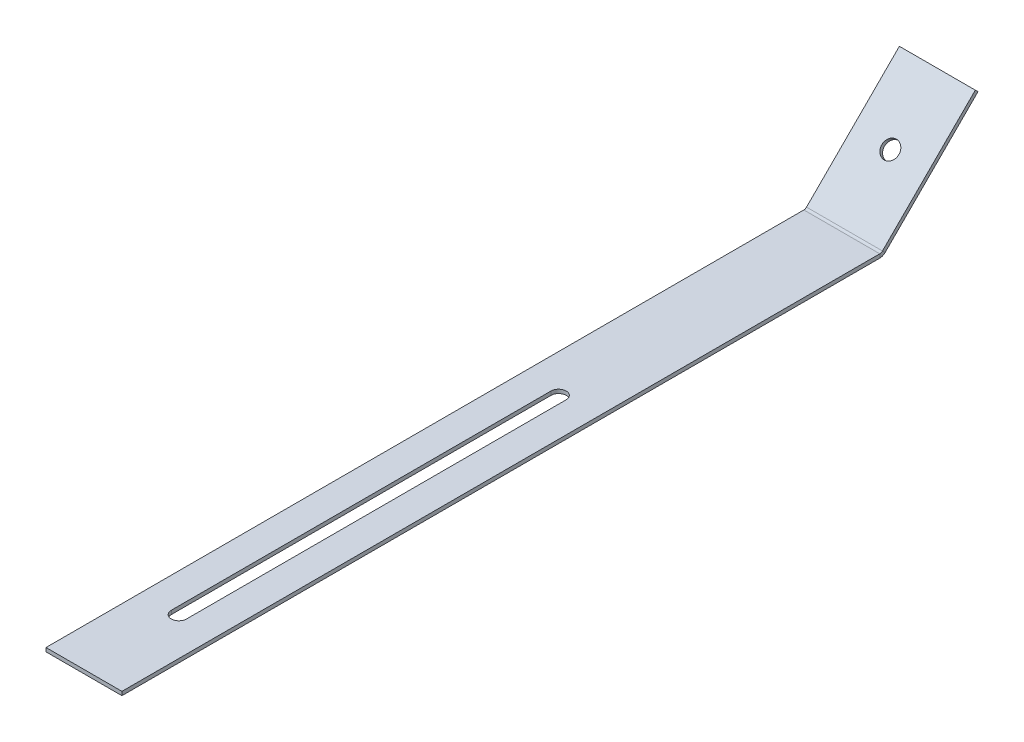
ISO-10303-21;
HEADER;
FILE_DESCRIPTION(('STEP AP214'),'2;1');
FILE_NAME('part.step','',(''),(''),'','','');
FILE_SCHEMA(('AUTOMOTIVE_DESIGN { 1 0 10303 214 1 1 1 1 }'));
ENDSEC;
DATA;
#1=APPLICATION_CONTEXT('core data for automotive mechanical design processes');
#2=APPLICATION_PROTOCOL_DEFINITION('international standard','automotive_design',2000,#1);
#3=PRODUCT_CONTEXT('',#1,'mechanical');
#4=PRODUCT('Part','Part','',(#3));
#5=PRODUCT_RELATED_PRODUCT_CATEGORY('part','',(#4));
#6=PRODUCT_DEFINITION_FORMATION('','',#4);
#7=PRODUCT_DEFINITION_CONTEXT('part definition',#1,'design');
#8=PRODUCT_DEFINITION('design','',#6,#7);
#9=PRODUCT_DEFINITION_SHAPE('','',#8);
#10=(LENGTH_UNIT() NAMED_UNIT(*) SI_UNIT(.MILLI.,.METRE.));
#11=(NAMED_UNIT(*) PLANE_ANGLE_UNIT() SI_UNIT($,.RADIAN.));
#12=(NAMED_UNIT(*) SI_UNIT($,.STERADIAN.) SOLID_ANGLE_UNIT());
#13=UNCERTAINTY_MEASURE_WITH_UNIT(LENGTH_MEASURE(1.E-05),#10,'distance_accuracy_value','');
#14=(GEOMETRIC_REPRESENTATION_CONTEXT(3) GLOBAL_UNCERTAINTY_ASSIGNED_CONTEXT((#13)) GLOBAL_UNIT_ASSIGNED_CONTEXT((#10,
#11,#12)) REPRESENTATION_CONTEXT('',''));
#15=CARTESIAN_POINT('',(0.,0.,0.));
#16=DIRECTION('',(0.,0.,1.));
#17=DIRECTION('',(1.,0.,0.));
#18=AXIS2_PLACEMENT_3D('',#15,#16,#17);
#19=CARTESIAN_POINT('',(40.,0.585786437626914,-400.585786437627));
#20=DIRECTION('',(1.,0.,0.));
#21=DIRECTION('',(0.,0.,-1.));
#22=AXIS2_PLACEMENT_3D('',#19,#20,#21);
#23=PLANE('',#22);
#24=DIRECTION('',(0.,-0.707106781186547,-0.707106781186547));
#25=VECTOR('',#24,1.);
#26=CARTESIAN_POINT('',(40.,0.585786437626914,-400.585786437627));
#27=LINE('',#26,#25);
#28=CARTESIAN_POINT('',(40.,0.585786437626914,-400.585786437627));
#29=VERTEX_POINT('',#28);
#30=CARTESIAN_POINT('',(40.,-0.828427124746176,-402.));
#31=VERTEX_POINT('',#30);
#32=EDGE_CURVE('E11',#29,#31,#27,.T.);
#33=ORIENTED_EDGE('',*,*,#32,.F.);
#34=CARTESIAN_POINT('',(40.,1.99999999999999,-399.171572875254));
#35=DIRECTION('',(-1.,0.,0.));
#36=DIRECTION('',(0.,0.,1.));
#37=AXIS2_PLACEMENT_3D('',#34,#35,#36);
#38=CIRCLE('',#37,2.);
#39=CARTESIAN_POINT('',(40.,0.,-399.171572875254));
#40=VERTEX_POINT('',#39);
#41=EDGE_CURVE('E179',#40,#29,#38,.F.);
#42=ORIENTED_EDGE('',*,*,#41,.F.);
#43=DIRECTION('',(0.,1.,0.));
#44=VECTOR('',#43,1.);
#45=CARTESIAN_POINT('',(40.,-2.00000000000001,-399.171572875254));
#46=LINE('',#45,#44);
#47=CARTESIAN_POINT('',(40.,-2.00000000000001,-399.171572875254));
#48=VERTEX_POINT('',#47);
#49=EDGE_CURVE('E52',#48,#40,#46,.T.);
#50=ORIENTED_EDGE('',*,*,#49,.F.);
#51=CARTESIAN_POINT('',(40.,1.99999999999999,-399.171572875254));
#52=DIRECTION('',(1.,0.,0.));
#53=DIRECTION('',(0.,0.,-1.));
#54=AXIS2_PLACEMENT_3D('',#51,#52,#53);
#55=CIRCLE('',#54,4.);
#56=EDGE_CURVE('E191',#48,#31,#55,.T.);
#57=ORIENTED_EDGE('',*,*,#56,.T.);
#58=EDGE_LOOP('',(#33,#42,#50,#57));
#59=FACE_BOUND('',#58,.T.);
#60=ADVANCED_FACE('F45',(#59),#23,.T.);
#61=CARTESIAN_POINT('',(40.,-2.00000000000001,-399.171572875254));
#62=DIRECTION('',(1.,0.,0.));
#63=DIRECTION('',(0.,0.,-1.));
#64=AXIS2_PLACEMENT_3D('',#61,#62,#63);
#65=PLANE('',#64);
#66=DIRECTION('',(0.,0.70710678118655,-0.707106781186545));
#67=VECTOR('',#66,1.);
#68=CARTESIAN_POINT('',(40.,0.,-400.));
#69=LINE('',#68,#67);
#70=CARTESIAN_POINT('',(40.,49.4974746830584,-449.497474683058));
#71=VERTEX_POINT('',#70);
#72=EDGE_CURVE('E176',#29,#71,#69,.T.);
#73=ORIENTED_EDGE('',*,*,#72,.F.);
#74=ORIENTED_EDGE('',*,*,#32,.T.);
#75=DIRECTION('',(0.,0.70710678118655,-0.707106781186545));
#76=VECTOR('',#75,1.);
#77=CARTESIAN_POINT('',(40.,-1.41421356237309,-401.414213562373));
#78=LINE('',#77,#76);
#79=CARTESIAN_POINT('',(40.,48.0832611206854,-450.911688245431));
#80=VERTEX_POINT('',#79);
#81=EDGE_CURVE('E170',#31,#80,#78,.T.);
#82=ORIENTED_EDGE('',*,*,#81,.T.);
#83=DIRECTION('',(0.,-0.707106781186547,-0.707106781186547));
#84=VECTOR('',#83,1.);
#85=CARTESIAN_POINT('',(40.,49.4974746830584,-449.497474683058));
#86=LINE('',#85,#84);
#87=EDGE_CURVE('E172',#71,#80,#86,.T.);
#88=ORIENTED_EDGE('',*,*,#87,.F.);
#89=EDGE_LOOP('',(#73,#74,#82,#88));
#90=FACE_BOUND('',#89,.T.);
#91=ADVANCED_FACE('F272',(#90),#65,.T.);
#92=CARTESIAN_POINT('',(0.,0.,-399.171572875254));
#93=DIRECTION('',(-1.,0.,0.));
#94=DIRECTION('',(0.,0.,1.));
#95=AXIS2_PLACEMENT_3D('',#92,#93,#94);
#96=PLANE('',#95);
#97=DIRECTION('',(0.,-1.,0.));
#98=VECTOR('',#97,1.);
#99=CARTESIAN_POINT('',(0.,0.,-399.171572875254));
#100=LINE('',#99,#98);
#101=CARTESIAN_POINT('',(0.,0.,-399.171572875254));
#102=VERTEX_POINT('',#101);
#103=CARTESIAN_POINT('',(0.,-2.00000000000001,-399.171572875254));
#104=VERTEX_POINT('',#103);
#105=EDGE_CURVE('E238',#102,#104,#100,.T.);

[EXERCISE REQUIREMENTS] Copy out only the lines above from the one with "#43=DIRECTION('',(0.,1.,0.));" to the one with "#82=ORIENTED_EDGE('',*,*,#81,.T.);", inclusive, exactly as they stand.

[OUTPUT BELOW]
#43=DIRECTION('',(0.,1.,0.));
#44=VECTOR('',#43,1.);
#45=CARTESIAN_POINT('',(40.,-2.00000000000001,-399.171572875254));
#46=LINE('',#45,#44);
#47=CARTESIAN_POINT('',(40.,-2.00000000000001,-399.171572875254));
#48=VERTEX_POINT('',#47);
#49=EDGE_CURVE('E52',#48,#40,#46,.T.);
#50=ORIENTED_EDGE('',*,*,#49,.F.);
#51=CARTESIAN_POINT('',(40.,1.99999999999999,-399.171572875254));
#52=DIRECTION('',(1.,0.,0.));
#53=DIRECTION('',(0.,0.,-1.));
#54=AXIS2_PLACEMENT_3D('',#51,#52,#53);
#55=CIRCLE('',#54,4.);
#56=EDGE_CURVE('E191',#48,#31,#55,.T.);
#57=ORIENTED_EDGE('',*,*,#56,.T.);
#58=EDGE_LOOP('',(#33,#42,#50,#57));
#59=FACE_BOUND('',#58,.T.);
#60=ADVANCED_FACE('F45',(#59),#23,.T.);
#61=CARTESIAN_POINT('',(40.,-2.00000000000001,-399.171572875254));
#62=DIRECTION('',(1.,0.,0.));
#63=DIRECTION('',(0.,0.,-1.));
#64=AXIS2_PLACEMENT_3D('',#61,#62,#63);
#65=PLANE('',#64);
#66=DIRECTION('',(0.,0.70710678118655,-0.707106781186545));
#67=VECTOR('',#66,1.);
#68=CARTESIAN_POINT('',(40.,0.,-400.));
#69=LINE('',#68,#67);
#70=CARTESIAN_POINT('',(40.,49.4974746830584,-449.497474683058));
#71=VERTEX_POINT('',#70);
#72=EDGE_CURVE('E176',#29,#71,#69,.T.);
#73=ORIENTED_EDGE('',*,*,#72,.F.);
#74=ORIENTED_EDGE('',*,*,#32,.T.);
#75=DIRECTION('',(0.,0.70710678118655,-0.707106781186545));
#76=VECTOR('',#75,1.);
#77=CARTESIAN_POINT('',(40.,-1.41421356237309,-401.414213562373));
#78=LINE('',#77,#76);
#79=CARTESIAN_POINT('',(40.,48.0832611206854,-450.911688245431));
#80=VERTEX_POINT('',#79);
#81=EDGE_CURVE('E170',#31,#80,#78,.T.);
#82=ORIENTED_EDGE('',*,*,#81,.T.);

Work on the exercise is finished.